**About this exercise**
Transcribe the line with "NOT1 : Logic" and all the lines that follow it in the material below, exactly as they stand.

**Input material**
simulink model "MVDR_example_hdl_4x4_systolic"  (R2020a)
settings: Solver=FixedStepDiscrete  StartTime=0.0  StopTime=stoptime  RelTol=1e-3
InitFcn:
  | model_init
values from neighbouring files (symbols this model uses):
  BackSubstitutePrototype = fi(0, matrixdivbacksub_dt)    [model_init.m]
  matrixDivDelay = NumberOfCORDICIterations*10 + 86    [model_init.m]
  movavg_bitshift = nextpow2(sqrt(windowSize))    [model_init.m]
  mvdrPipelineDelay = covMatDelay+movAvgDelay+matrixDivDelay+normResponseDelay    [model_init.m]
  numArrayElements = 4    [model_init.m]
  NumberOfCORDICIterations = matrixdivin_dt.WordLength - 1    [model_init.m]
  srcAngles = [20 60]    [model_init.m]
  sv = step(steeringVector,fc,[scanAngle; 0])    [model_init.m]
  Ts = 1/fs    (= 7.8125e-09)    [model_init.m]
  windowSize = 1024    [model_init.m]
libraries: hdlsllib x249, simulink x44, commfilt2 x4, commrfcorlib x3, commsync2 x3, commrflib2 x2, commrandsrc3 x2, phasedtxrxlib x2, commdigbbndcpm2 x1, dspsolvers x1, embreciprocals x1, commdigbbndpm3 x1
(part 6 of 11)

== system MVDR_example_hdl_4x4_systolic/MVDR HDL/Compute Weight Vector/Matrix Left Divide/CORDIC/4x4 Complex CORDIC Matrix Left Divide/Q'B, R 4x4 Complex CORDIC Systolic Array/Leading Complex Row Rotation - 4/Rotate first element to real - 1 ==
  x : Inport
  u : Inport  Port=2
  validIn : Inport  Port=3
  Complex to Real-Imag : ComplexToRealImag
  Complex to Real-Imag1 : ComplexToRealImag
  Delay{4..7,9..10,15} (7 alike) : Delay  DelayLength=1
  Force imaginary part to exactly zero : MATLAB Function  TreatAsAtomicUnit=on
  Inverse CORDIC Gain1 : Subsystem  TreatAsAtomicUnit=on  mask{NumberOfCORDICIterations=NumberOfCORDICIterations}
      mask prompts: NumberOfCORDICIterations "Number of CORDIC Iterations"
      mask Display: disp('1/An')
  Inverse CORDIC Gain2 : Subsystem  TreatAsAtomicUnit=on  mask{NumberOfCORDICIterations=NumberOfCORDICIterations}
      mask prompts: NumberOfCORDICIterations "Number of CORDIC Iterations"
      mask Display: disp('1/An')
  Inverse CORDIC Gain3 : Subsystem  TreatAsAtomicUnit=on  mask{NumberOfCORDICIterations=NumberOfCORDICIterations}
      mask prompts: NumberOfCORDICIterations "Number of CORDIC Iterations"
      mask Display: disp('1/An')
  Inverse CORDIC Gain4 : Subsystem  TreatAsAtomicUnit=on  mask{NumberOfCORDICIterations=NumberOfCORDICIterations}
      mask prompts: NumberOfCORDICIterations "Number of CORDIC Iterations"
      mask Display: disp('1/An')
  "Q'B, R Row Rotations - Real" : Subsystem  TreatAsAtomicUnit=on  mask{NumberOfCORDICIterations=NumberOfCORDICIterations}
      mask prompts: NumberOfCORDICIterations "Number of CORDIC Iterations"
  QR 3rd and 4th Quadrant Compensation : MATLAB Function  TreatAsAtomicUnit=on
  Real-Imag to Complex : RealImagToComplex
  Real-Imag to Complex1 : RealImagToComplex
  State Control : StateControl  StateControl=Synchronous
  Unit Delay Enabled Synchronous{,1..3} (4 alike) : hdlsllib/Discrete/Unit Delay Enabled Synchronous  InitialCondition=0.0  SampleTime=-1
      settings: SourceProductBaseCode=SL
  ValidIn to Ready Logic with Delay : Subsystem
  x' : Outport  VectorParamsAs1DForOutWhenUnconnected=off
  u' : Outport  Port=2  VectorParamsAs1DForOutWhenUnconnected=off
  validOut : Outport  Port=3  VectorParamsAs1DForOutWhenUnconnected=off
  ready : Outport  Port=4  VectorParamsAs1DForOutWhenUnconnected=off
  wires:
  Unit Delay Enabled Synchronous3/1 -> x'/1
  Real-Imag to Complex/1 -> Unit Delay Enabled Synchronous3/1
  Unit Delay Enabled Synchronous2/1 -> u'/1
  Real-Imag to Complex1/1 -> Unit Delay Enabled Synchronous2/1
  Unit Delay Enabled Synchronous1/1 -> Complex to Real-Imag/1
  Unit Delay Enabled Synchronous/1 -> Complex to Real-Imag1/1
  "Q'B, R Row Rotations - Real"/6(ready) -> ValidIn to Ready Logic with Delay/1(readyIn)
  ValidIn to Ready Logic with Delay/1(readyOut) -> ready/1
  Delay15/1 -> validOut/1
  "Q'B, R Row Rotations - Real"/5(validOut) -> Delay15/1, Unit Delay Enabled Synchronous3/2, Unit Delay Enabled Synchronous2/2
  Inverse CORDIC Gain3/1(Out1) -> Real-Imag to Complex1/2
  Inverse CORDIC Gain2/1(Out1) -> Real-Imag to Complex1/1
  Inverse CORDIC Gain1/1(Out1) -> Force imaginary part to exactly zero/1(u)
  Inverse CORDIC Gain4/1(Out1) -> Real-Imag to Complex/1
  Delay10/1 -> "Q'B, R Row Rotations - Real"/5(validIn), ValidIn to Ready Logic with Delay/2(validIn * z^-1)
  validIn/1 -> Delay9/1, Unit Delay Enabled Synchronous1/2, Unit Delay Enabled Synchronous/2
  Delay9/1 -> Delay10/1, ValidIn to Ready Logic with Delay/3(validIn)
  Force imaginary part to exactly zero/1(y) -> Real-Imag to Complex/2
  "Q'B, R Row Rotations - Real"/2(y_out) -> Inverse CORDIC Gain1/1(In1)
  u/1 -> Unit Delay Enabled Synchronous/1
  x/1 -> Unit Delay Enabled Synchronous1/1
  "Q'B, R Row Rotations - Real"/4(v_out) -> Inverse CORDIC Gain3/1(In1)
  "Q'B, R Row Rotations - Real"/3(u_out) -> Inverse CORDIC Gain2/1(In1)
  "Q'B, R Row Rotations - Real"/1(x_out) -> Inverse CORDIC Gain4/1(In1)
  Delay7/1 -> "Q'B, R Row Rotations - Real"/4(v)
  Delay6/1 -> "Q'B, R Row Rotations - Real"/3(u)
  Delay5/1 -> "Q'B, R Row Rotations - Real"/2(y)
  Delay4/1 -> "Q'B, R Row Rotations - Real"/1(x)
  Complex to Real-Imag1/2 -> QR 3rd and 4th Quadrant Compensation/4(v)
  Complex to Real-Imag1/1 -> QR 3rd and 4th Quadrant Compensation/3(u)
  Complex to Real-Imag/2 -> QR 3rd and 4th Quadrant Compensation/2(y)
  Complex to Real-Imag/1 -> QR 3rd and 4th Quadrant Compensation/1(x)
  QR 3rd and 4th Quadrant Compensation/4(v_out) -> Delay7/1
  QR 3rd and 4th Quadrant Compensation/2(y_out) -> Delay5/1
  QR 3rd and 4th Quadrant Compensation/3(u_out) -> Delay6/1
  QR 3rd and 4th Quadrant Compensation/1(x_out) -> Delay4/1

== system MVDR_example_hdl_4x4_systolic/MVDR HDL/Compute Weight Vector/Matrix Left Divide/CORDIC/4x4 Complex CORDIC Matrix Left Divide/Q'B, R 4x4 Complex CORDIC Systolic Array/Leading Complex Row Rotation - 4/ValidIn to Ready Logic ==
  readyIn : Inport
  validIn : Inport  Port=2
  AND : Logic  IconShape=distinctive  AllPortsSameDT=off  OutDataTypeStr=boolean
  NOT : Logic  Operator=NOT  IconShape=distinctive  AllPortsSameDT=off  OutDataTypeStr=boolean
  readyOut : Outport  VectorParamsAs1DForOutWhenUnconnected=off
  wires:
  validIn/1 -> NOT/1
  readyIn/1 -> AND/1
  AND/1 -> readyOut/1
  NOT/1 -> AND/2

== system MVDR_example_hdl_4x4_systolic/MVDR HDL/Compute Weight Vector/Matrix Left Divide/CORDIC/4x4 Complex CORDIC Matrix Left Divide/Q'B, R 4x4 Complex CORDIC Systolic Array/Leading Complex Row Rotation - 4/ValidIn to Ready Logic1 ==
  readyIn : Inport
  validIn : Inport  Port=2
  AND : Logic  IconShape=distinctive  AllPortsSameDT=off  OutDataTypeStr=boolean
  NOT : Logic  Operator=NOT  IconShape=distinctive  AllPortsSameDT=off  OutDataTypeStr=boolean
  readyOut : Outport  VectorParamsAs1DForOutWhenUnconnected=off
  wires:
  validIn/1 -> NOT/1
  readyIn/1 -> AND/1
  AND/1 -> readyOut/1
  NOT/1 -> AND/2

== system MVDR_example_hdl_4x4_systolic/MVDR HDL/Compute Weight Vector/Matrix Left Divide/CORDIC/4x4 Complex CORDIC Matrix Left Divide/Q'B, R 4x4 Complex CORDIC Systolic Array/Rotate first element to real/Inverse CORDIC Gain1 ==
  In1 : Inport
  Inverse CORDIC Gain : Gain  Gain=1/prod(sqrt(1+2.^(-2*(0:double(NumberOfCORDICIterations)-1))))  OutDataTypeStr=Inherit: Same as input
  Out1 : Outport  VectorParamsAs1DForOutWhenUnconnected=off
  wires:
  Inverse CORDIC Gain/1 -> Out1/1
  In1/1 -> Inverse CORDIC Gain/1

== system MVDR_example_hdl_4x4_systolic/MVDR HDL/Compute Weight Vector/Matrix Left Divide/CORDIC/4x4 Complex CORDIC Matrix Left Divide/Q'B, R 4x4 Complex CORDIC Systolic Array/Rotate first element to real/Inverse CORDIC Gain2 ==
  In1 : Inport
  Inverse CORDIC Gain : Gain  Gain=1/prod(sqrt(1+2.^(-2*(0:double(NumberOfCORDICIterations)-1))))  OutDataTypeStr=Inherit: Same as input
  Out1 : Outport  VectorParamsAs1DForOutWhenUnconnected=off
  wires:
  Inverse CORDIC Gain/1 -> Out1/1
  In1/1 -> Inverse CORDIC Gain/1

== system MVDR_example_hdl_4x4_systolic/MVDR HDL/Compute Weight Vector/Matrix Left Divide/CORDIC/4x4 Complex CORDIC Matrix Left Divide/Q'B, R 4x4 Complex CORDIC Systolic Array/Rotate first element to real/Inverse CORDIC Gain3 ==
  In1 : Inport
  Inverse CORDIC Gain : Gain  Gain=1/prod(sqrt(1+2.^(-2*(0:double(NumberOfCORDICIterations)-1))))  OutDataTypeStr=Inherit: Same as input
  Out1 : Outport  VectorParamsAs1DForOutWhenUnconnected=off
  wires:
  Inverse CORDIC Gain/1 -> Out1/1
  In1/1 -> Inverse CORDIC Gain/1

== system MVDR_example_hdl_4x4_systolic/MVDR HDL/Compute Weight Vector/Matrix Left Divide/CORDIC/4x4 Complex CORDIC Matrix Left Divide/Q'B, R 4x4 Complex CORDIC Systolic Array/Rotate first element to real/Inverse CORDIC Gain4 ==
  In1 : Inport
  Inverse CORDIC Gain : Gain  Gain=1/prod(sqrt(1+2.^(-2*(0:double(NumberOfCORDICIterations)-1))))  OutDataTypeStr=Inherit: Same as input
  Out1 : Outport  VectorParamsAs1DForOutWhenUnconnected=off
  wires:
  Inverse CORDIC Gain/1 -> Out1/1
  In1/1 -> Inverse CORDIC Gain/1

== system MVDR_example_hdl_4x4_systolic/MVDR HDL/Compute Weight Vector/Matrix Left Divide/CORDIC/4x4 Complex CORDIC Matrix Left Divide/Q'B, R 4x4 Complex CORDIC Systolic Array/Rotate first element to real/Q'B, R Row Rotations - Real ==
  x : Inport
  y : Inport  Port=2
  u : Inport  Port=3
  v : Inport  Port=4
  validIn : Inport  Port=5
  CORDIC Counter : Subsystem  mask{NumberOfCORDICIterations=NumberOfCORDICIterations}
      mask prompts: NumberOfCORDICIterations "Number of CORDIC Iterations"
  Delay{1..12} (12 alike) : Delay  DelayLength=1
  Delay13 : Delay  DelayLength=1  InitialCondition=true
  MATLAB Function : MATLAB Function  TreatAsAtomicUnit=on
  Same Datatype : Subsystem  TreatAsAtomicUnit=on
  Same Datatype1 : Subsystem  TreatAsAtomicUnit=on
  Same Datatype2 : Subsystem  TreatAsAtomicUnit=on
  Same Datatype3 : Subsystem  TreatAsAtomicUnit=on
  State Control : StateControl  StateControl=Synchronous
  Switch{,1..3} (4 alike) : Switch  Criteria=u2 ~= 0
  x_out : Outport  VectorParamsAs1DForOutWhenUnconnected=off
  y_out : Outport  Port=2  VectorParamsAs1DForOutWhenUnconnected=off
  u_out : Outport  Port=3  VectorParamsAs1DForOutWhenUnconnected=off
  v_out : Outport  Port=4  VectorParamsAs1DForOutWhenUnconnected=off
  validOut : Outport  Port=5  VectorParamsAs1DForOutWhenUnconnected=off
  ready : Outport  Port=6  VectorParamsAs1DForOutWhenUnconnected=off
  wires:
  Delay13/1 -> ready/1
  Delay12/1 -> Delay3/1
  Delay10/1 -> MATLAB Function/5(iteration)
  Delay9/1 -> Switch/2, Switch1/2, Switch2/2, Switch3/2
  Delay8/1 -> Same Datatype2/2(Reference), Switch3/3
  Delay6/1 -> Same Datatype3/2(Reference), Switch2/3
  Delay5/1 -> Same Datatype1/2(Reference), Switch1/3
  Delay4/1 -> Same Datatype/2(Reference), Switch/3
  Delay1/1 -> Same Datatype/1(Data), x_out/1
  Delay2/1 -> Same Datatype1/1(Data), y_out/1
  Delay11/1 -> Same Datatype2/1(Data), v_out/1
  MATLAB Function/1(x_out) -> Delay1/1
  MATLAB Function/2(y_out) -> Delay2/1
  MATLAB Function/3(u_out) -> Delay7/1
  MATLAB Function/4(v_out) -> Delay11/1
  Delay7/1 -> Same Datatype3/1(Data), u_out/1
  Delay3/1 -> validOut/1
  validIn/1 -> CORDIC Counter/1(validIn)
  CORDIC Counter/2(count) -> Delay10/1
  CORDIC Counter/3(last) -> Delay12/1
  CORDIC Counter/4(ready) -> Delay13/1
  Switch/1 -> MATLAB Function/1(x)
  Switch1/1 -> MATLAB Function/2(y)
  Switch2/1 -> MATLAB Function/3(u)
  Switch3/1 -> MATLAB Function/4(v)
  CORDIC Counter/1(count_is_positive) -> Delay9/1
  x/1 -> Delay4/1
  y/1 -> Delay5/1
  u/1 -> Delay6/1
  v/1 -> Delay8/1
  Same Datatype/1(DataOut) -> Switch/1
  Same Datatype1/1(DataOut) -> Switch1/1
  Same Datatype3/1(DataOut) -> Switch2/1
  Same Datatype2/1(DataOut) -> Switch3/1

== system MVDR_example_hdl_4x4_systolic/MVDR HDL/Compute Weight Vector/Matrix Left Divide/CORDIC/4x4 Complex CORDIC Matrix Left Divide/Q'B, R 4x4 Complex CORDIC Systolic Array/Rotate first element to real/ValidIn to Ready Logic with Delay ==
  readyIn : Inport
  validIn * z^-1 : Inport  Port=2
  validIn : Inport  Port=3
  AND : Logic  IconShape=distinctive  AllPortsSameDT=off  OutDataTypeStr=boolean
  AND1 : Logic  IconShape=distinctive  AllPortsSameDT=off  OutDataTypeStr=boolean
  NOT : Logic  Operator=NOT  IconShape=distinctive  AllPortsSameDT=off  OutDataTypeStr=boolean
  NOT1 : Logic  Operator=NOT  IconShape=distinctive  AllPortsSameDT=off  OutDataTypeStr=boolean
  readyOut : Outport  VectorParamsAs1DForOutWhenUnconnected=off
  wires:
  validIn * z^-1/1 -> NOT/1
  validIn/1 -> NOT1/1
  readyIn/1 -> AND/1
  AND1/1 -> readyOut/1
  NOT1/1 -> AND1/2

**Solution to the exercise**
  NOT1 : Logic  Operator=NOT  IconShape=distinctive  AllPortsSameDT=off  OutDataTypeStr=boolean
  readyOut : Outport  VectorParamsAs1DForOutWhenUnconnected=off
  wires:
  validIn * z^-1/1 -> NOT/1
  validIn/1 -> NOT1/1
  readyIn/1 -> AND/1
  AND1/1 -> readyOut/1
  NOT1/1 -> AND1/2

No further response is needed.